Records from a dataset

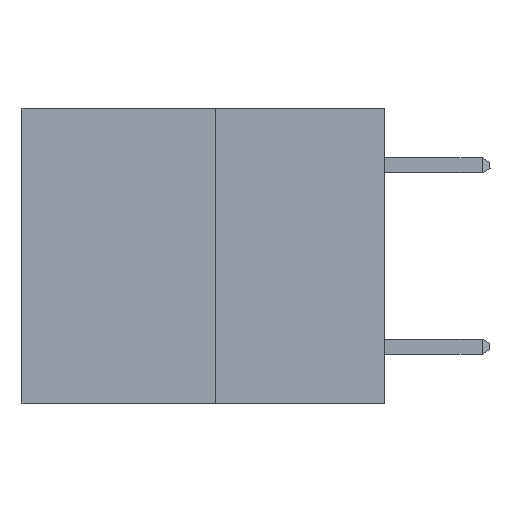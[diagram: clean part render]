
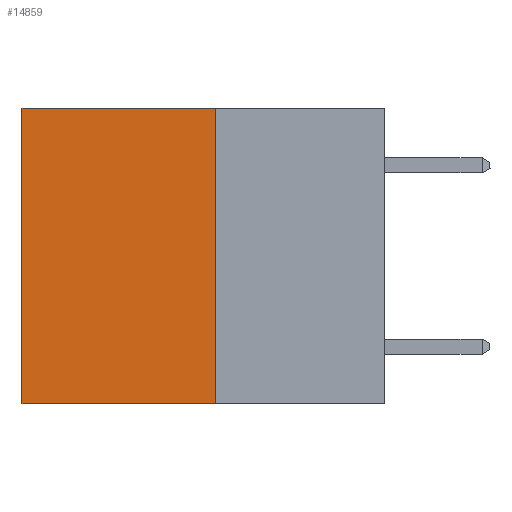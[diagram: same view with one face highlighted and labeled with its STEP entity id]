
A CAD part, left-side view. The second image highlights one B-rep face of the part: STEP entity #14859.
In plain terms, the highlighted planar face has unit normal (-1, 0, 0).
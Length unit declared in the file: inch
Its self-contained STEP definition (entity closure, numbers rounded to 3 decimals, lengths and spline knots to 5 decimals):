
#850 = DIRECTION ( 'NONE',  ( 0., 1., 0. ) ) ;
#1541 = LINE ( 'NONE', #23068, #5749 ) ;
#2603 = VECTOR ( 'NONE', #850, 39.37008 ) ;
#3437 = ORIENTED_EDGE ( 'NONE', *, *, #22030, .F. ) ;
#4077 = VECTOR ( 'NONE', #6799, 39.37008 ) ;
#4344 = VERTEX_POINT ( 'NONE', #21562 ) ;
#5150 = DIRECTION ( 'NONE',  ( 0., 0., -1. ) ) ;
#5749 = VECTOR ( 'NONE', #22993, 39.37008 ) ;
#6559 = CARTESIAN_POINT ( 'NONE',  ( 0.3165, 0.28, -0.49 ) ) ;
#6799 = DIRECTION ( 'NONE',  ( 0., 0., -1. ) ) ;
#6869 = FACE_OUTER_BOUND ( 'NONE', #19463, .T. ) ;
#7424 = AXIS2_PLACEMENT_3D ( 'NONE', #11997, #17284, #8330 ) ;
#7806 = VERTEX_POINT ( 'NONE', #21956 ) ;
#8330 = DIRECTION ( 'NONE',  ( 0., 0., -1. ) ) ;
#9907 = CARTESIAN_POINT ( 'NONE',  ( 0.3165, 0.6, -0.49 ) ) ;
#9951 = CARTESIAN_POINT ( 'NONE',  ( 0.3165, 0.6, 0. ) ) ;
#11497 = ORIENTED_EDGE ( 'NONE', *, *, #23330, .T. ) ;
#11788 = CARTESIAN_POINT ( 'NONE',  ( 0.3165, 0.28, -0.49 ) ) ;
#11997 = CARTESIAN_POINT ( 'NONE',  ( 0.3165, 0.28, -0.49 ) ) ;
#12195 = VERTEX_POINT ( 'NONE', #9951 ) ;
#12537 = ORIENTED_EDGE ( 'NONE', *, *, #13540, .T. ) ;
#13540 = EDGE_CURVE ( 'NONE', #4344, #12195, #1541, .T. ) ;
#14174 = LINE ( 'NONE', #11788, #2603 ) ;
#14859 = ADVANCED_FACE ( 'NONE', ( #6869 ), #17208, .F. ) ;
#16576 = CARTESIAN_POINT ( 'NONE',  ( 0.3165, 0.6, -0.49 ) ) ;
#17044 = ORIENTED_EDGE ( 'NONE', *, *, #20239, .F. ) ;
#17208 = PLANE ( 'NONE',  #7424 ) ;
#17284 = DIRECTION ( 'NONE',  ( 1., 0., 0. ) ) ;
#19463 = EDGE_LOOP ( 'NONE', ( #11497, #3437, #17044, #12537 ) ) ;
#20211 = LINE ( 'NONE', #6559, #4077 ) ;
#20239 = EDGE_CURVE ( 'NONE', #4344, #7806, #20211, .T. ) ;
#21172 = VECTOR ( 'NONE', #5150, 39.37008 ) ;
#21562 = CARTESIAN_POINT ( 'NONE',  ( 0.3165, 0.28, 0. ) ) ;
#21956 = CARTESIAN_POINT ( 'NONE',  ( 0.3165, 0.28, -0.49 ) ) ;
#22025 = VERTEX_POINT ( 'NONE', #16576 ) ;
#22030 = EDGE_CURVE ( 'NONE', #7806, #22025, #14174, .T. ) ;
#22993 = DIRECTION ( 'NONE',  ( 0., 1., 0. ) ) ;
#23068 = CARTESIAN_POINT ( 'NONE',  ( 0.3165, 0.28, 0. ) ) ;
#23153 = LINE ( 'NONE', #9907, #21172 ) ;
#23330 = EDGE_CURVE ( 'NONE', #12195, #22025, #23153, .T. ) ;

The problem: Using the entries above, repeat only the lines from the one containing "#7806 = VERTEX_POINT ( 'NONE', #21956 ) ;" through the one containing "#11997 = CARTESIAN_POINT", end lines included.

Reply to the exercise:
#7806 = VERTEX_POINT ( 'NONE', #21956 ) ;
#8330 = DIRECTION ( 'NONE',  ( 0., 0., -1. ) ) ;
#9907 = CARTESIAN_POINT ( 'NONE',  ( 0.3165, 0.6, -0.49 ) ) ;
#9951 = CARTESIAN_POINT ( 'NONE',  ( 0.3165, 0.6, 0. ) ) ;
#11497 = ORIENTED_EDGE ( 'NONE', *, *, #23330, .T. ) ;
#11788 = CARTESIAN_POINT ( 'NONE',  ( 0.3165, 0.28, -0.49 ) ) ;
#11997 = CARTESIAN_POINT ( 'NONE',  ( 0.3165, 0.28, -0.49 ) ) ;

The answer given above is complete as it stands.